# WHAT IS EXPECTED:
In the listing below, locate the lines that hold "VECTOR" and copy them.

# PROVIDED DATA:

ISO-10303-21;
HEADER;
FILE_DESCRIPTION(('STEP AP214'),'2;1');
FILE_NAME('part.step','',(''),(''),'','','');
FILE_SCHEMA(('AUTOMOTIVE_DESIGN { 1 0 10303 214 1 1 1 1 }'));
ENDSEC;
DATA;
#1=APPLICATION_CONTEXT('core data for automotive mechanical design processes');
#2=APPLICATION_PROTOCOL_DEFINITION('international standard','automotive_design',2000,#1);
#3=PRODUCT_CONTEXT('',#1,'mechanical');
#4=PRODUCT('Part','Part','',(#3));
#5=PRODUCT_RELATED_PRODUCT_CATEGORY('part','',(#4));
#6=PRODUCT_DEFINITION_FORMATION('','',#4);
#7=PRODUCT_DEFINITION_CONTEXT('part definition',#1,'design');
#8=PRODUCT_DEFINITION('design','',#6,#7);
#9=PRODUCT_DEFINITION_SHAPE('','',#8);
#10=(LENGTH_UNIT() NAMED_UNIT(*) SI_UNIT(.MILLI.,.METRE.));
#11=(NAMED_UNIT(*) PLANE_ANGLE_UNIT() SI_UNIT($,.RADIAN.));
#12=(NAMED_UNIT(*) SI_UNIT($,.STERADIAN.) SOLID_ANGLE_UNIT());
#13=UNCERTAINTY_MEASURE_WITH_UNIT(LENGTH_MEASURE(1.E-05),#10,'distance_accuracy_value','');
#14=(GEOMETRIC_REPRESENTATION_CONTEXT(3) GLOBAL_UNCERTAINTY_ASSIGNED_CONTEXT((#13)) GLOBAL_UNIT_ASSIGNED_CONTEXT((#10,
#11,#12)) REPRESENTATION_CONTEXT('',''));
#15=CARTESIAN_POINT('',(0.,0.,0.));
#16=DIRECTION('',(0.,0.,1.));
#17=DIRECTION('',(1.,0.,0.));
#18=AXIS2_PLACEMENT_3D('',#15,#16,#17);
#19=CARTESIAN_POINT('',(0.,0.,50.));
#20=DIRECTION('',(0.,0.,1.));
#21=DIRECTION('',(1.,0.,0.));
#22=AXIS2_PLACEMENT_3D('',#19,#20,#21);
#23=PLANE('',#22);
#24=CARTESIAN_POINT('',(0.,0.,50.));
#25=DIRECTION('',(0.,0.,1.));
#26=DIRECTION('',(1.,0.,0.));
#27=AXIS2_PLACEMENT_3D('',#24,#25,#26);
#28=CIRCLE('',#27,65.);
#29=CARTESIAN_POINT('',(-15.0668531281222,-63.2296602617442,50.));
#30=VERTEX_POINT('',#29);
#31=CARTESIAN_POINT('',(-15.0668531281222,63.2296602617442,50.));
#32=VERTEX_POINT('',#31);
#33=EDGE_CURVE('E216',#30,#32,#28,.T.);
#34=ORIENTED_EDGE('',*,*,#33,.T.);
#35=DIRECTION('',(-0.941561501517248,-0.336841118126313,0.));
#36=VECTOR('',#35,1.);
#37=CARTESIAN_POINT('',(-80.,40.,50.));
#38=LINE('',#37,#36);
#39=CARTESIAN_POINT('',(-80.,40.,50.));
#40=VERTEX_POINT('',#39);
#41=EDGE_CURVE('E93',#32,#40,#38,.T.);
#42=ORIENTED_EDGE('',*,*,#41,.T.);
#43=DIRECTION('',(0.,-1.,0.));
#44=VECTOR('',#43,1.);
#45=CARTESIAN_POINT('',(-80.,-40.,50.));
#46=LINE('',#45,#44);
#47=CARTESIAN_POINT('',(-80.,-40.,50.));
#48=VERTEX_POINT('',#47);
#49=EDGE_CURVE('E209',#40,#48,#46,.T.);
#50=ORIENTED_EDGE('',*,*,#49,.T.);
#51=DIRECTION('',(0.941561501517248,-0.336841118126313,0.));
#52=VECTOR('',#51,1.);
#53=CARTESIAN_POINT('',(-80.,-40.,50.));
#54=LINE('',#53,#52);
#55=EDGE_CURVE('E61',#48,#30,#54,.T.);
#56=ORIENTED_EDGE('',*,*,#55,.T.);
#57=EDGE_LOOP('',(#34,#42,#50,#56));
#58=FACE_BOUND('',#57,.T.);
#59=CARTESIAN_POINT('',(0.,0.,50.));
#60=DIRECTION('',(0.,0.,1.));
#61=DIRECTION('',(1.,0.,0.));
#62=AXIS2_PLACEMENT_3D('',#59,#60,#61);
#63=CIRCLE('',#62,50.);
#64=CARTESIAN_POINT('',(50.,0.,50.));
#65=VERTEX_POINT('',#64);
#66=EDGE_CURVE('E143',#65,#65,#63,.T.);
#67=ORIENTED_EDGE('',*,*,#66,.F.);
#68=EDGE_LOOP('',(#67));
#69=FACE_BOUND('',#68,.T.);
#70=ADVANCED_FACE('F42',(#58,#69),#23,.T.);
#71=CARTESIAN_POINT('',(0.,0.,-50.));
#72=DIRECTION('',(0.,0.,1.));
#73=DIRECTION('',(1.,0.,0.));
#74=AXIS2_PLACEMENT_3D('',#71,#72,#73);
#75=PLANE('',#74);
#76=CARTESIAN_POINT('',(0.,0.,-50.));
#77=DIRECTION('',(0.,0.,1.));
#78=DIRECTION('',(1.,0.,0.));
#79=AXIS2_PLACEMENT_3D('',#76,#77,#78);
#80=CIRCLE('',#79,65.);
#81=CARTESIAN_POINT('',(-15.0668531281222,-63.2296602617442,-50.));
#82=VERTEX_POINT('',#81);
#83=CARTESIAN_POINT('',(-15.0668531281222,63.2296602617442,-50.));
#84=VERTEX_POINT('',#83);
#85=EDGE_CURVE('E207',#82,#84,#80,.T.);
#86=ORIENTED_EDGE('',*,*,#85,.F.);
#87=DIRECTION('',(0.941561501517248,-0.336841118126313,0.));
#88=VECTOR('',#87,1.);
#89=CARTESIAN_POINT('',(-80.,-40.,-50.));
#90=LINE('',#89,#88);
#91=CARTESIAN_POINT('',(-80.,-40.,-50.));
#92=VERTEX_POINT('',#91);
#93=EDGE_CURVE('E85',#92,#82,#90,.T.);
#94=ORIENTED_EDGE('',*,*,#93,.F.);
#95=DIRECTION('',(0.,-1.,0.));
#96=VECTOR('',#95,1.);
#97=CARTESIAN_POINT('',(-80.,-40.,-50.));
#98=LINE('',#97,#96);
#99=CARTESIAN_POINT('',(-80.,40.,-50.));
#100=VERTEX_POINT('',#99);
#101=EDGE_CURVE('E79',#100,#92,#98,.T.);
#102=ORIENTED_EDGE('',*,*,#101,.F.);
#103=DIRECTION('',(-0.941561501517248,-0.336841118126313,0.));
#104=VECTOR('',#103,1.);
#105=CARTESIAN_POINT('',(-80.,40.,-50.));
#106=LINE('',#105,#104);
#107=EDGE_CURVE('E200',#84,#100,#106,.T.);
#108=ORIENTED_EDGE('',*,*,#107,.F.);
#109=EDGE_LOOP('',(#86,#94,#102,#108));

# TASK OUTPUT:
#36=VECTOR('',#35,1.);
#44=VECTOR('',#43,1.);
#52=VECTOR('',#51,1.);
#88=VECTOR('',#87,1.);
#96=VECTOR('',#95,1.);
#104=VECTOR('',#103,1.);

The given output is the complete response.